# Utricularia garden



## Khanh (Mar 20, 2006)

Hi,

I have got few tanks but they are low tech tanks. I really missed planted tank so I decided to make some after a quite long time.
This is still not final layout.

It is 24L. 40l*30w*20h cm.

light: 2 ramps. 1 ramp = 2x10W T8 4500K
Co2: pressurized. 1 bubble per 8 seconds.
substrate: ADA Amazonia and shrimp soil. 
ferts: JBL Florapol(under ADA) and JBL Ferropol(2ml after water change)

Flora: Utricularia graminifolia, Eleocharis parvulus
Fauna: Poropanchax normani, Otocinclus affinis, Tiger shrimps, Clithon sp.

*NOW- After 1 month*








By khanh86 at 2009-01-09

*Poropanchax normani *








By khanh86 at 2009-01-09

*Photo UG 5.12.2008 *








By khanh86 at 2009-01-09

*Shrimp soil *








By khanh86 at 2009-01-09

Thanks for watch and hope you like it.

Khanh


----------



## bigstick120 (Mar 8, 2005)

Great looking tank, do you have a straight on shot?


----------



## GrandePippo (May 28, 2008)

Amazing work!

You succeeded in making the tank look much larger. This really was my first impression. 

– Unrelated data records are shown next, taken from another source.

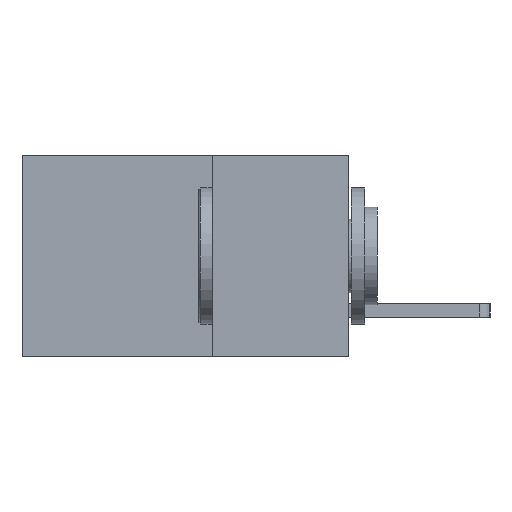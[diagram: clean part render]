
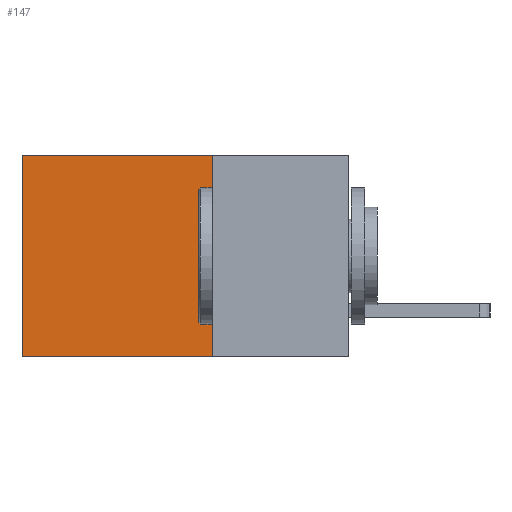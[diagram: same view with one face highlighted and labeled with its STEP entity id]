
A CAD part, left-side view. The second image highlights one B-rep face of the part: STEP entity #147.
In plain terms, the highlighted planar face has unit normal (-1, 0, 0).
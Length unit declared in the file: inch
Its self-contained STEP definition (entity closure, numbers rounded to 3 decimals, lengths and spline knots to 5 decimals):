
#115 = VECTOR ( 'NONE', #7941, 39.37008 ) ;
#118 = LINE ( 'NONE', #7890, #8366 ) ;
#124 = VECTOR ( 'NONE', #5812, 39.37008 ) ;
#147 = ADVANCED_FACE ( 'NONE', ( #4031 ), #8876, .F. ) ;
#595 = DIRECTION ( 'NONE',  ( 0., 0., -1. ) ) ;
#715 = LINE ( 'NONE', #8901, #8961 ) ;
#1234 = EDGE_CURVE ( 'NONE', #6313, #6386, #118, .T. ) ;
#1675 = DIRECTION ( 'NONE',  ( 0., 0., -1. ) ) ;
#2001 = ORIENTED_EDGE ( 'NONE', *, *, #9272, .F. ) ;
#2271 = EDGE_CURVE ( 'NONE', #6416, #6313, #715, .T. ) ;
#2569 = CARTESIAN_POINT ( 'NONE',  ( 0.298, 0.25, -0.37 ) ) ;
#2631 = DIRECTION ( 'NONE',  ( 1., 0., 0. ) ) ;
#3115 = ORIENTED_EDGE ( 'NONE', *, *, #8847, .F. ) ;
#3116 = CARTESIAN_POINT ( 'NONE',  ( 0.298, 0.25, 0. ) ) ;
#3255 = CARTESIAN_POINT ( 'NONE',  ( 0.298, 0.25, 0. ) ) ;
#3965 = CARTESIAN_POINT ( 'NONE',  ( 0.298, 0.6, 0. ) ) ;
#4007 = CARTESIAN_POINT ( 'NONE',  ( 0.298, 0.25, -0.37 ) ) ;
#4031 = FACE_OUTER_BOUND ( 'NONE', #5884, .T. ) ;
#4864 = CARTESIAN_POINT ( 'NONE',  ( 0.298, 0.25, 0. ) ) ;
#4904 = ORIENTED_EDGE ( 'NONE', *, *, #2271, .T. ) ;
#5662 = CARTESIAN_POINT ( 'NONE',  ( 0.298, 0.6, -0.37 ) ) ;
#5812 = DIRECTION ( 'NONE',  ( 0., 1., 0. ) ) ;
#5884 = EDGE_LOOP ( 'NONE', ( #7634, #3115, #2001, #4904 ) ) ;
#6313 = VERTEX_POINT ( 'NONE', #3965 ) ;
#6386 = VERTEX_POINT ( 'NONE', #5662 ) ;
#6416 = VERTEX_POINT ( 'NONE', #3255 ) ;
#7634 = ORIENTED_EDGE ( 'NONE', *, *, #1234, .T. ) ;
#7736 = AXIS2_PLACEMENT_3D ( 'NONE', #4864, #2631, #595 ) ;
#7890 = CARTESIAN_POINT ( 'NONE',  ( 0.298, 0.6, 0. ) ) ;
#7941 = DIRECTION ( 'NONE',  ( 0., 0., -1. ) ) ;
#8363 = LINE ( 'NONE', #3116, #115 ) ;
#8366 = VECTOR ( 'NONE', #1675, 39.37008 ) ;
#8373 = LINE ( 'NONE', #2569, #124 ) ;
#8626 = DIRECTION ( 'NONE',  ( 0., 1., 0. ) ) ;
#8813 = VERTEX_POINT ( 'NONE', #4007 ) ;
#8847 = EDGE_CURVE ( 'NONE', #8813, #6386, #8373, .T. ) ;
#8876 = PLANE ( 'NONE',  #7736 ) ;
#8901 = CARTESIAN_POINT ( 'NONE',  ( 0.298, 0.25, 0. ) ) ;
#8961 = VECTOR ( 'NONE', #8626, 39.37008 ) ;
#9272 = EDGE_CURVE ( 'NONE', #6416, #8813, #8363, .T. ) ;

The plants look nice and healthy. Because you used only two plant species the general feeling is very natural.

Congratulations!


----------



## gravy9 (Aug 28, 2008)

Beautiful tank, Khanh.


----------



## Khanh (Mar 20, 2006)

Thank you!
UG grows really fast.

bigstick120: Like I said this is not final layout. Straight shot still doesn't look good as I want. I'll update in 2-3 weeks.


----------



## Deeck (Apr 29, 2008)

:shock: beautiful tank very very good utricularia graminifolia is my favorite plant, even that in Chile is difficult here to bring plants of outside like which as much I want to have 

greetings from Chile


----------



## derekp (Nov 5, 2008)

Very nice. I love the lampeyes. I want some but they would be an expensive snack for my angels.


----------



## Tex Gal (Nov 1, 2007)

Ask me if I love this plant!!! I've been trying to get it to grow in my 10g shrimp tank. I think it may be starting to take off. I got it going well once and ended up with clado from the LFS - ruined it all. This last time I planted I didn't get a good stock to begin from, but I think it's beginning to grow! Here's to crossing your fingers!


----------



## Dryn (Sep 6, 2007)

What is shrimp soil?????


----------



## ch3fb0yrdee (Jul 26, 2008)

Very nice tank, I love the UG. Very green tank!


----------



## Blue_Dolphinvn (Nov 12, 2006)

Lovely layout Khanh!
Are you oversea Vietnamese? please join our aqua community in:
http://www.aquabird.com.vn/forums/
Welcome!


----------



## cclansman (Jan 29, 2007)

nice tank, i really like the rock work!


----------



## voultou (Jul 3, 2008)

24 liters ? :shock:
Incredible. You have perfectly managed to give the impression that it's a lot bigger.


----------



## kjaer (Feb 4, 2008)

Wow, I thought this tank was around 120 cm when i first saw it. The UG really looks great one of my favourite plants.


----------



## dirrtybirdy (May 22, 2007)

can i buy some UG off you? lol 

very nice tank!


----------



## Khanh (Mar 20, 2006)

Thanks!

dryn: I bought it in Vienna. It was named Shrimp soil and packed in transparent package. I really don't know what brand it is. But it lower ph and kh like ADA Amazonia too.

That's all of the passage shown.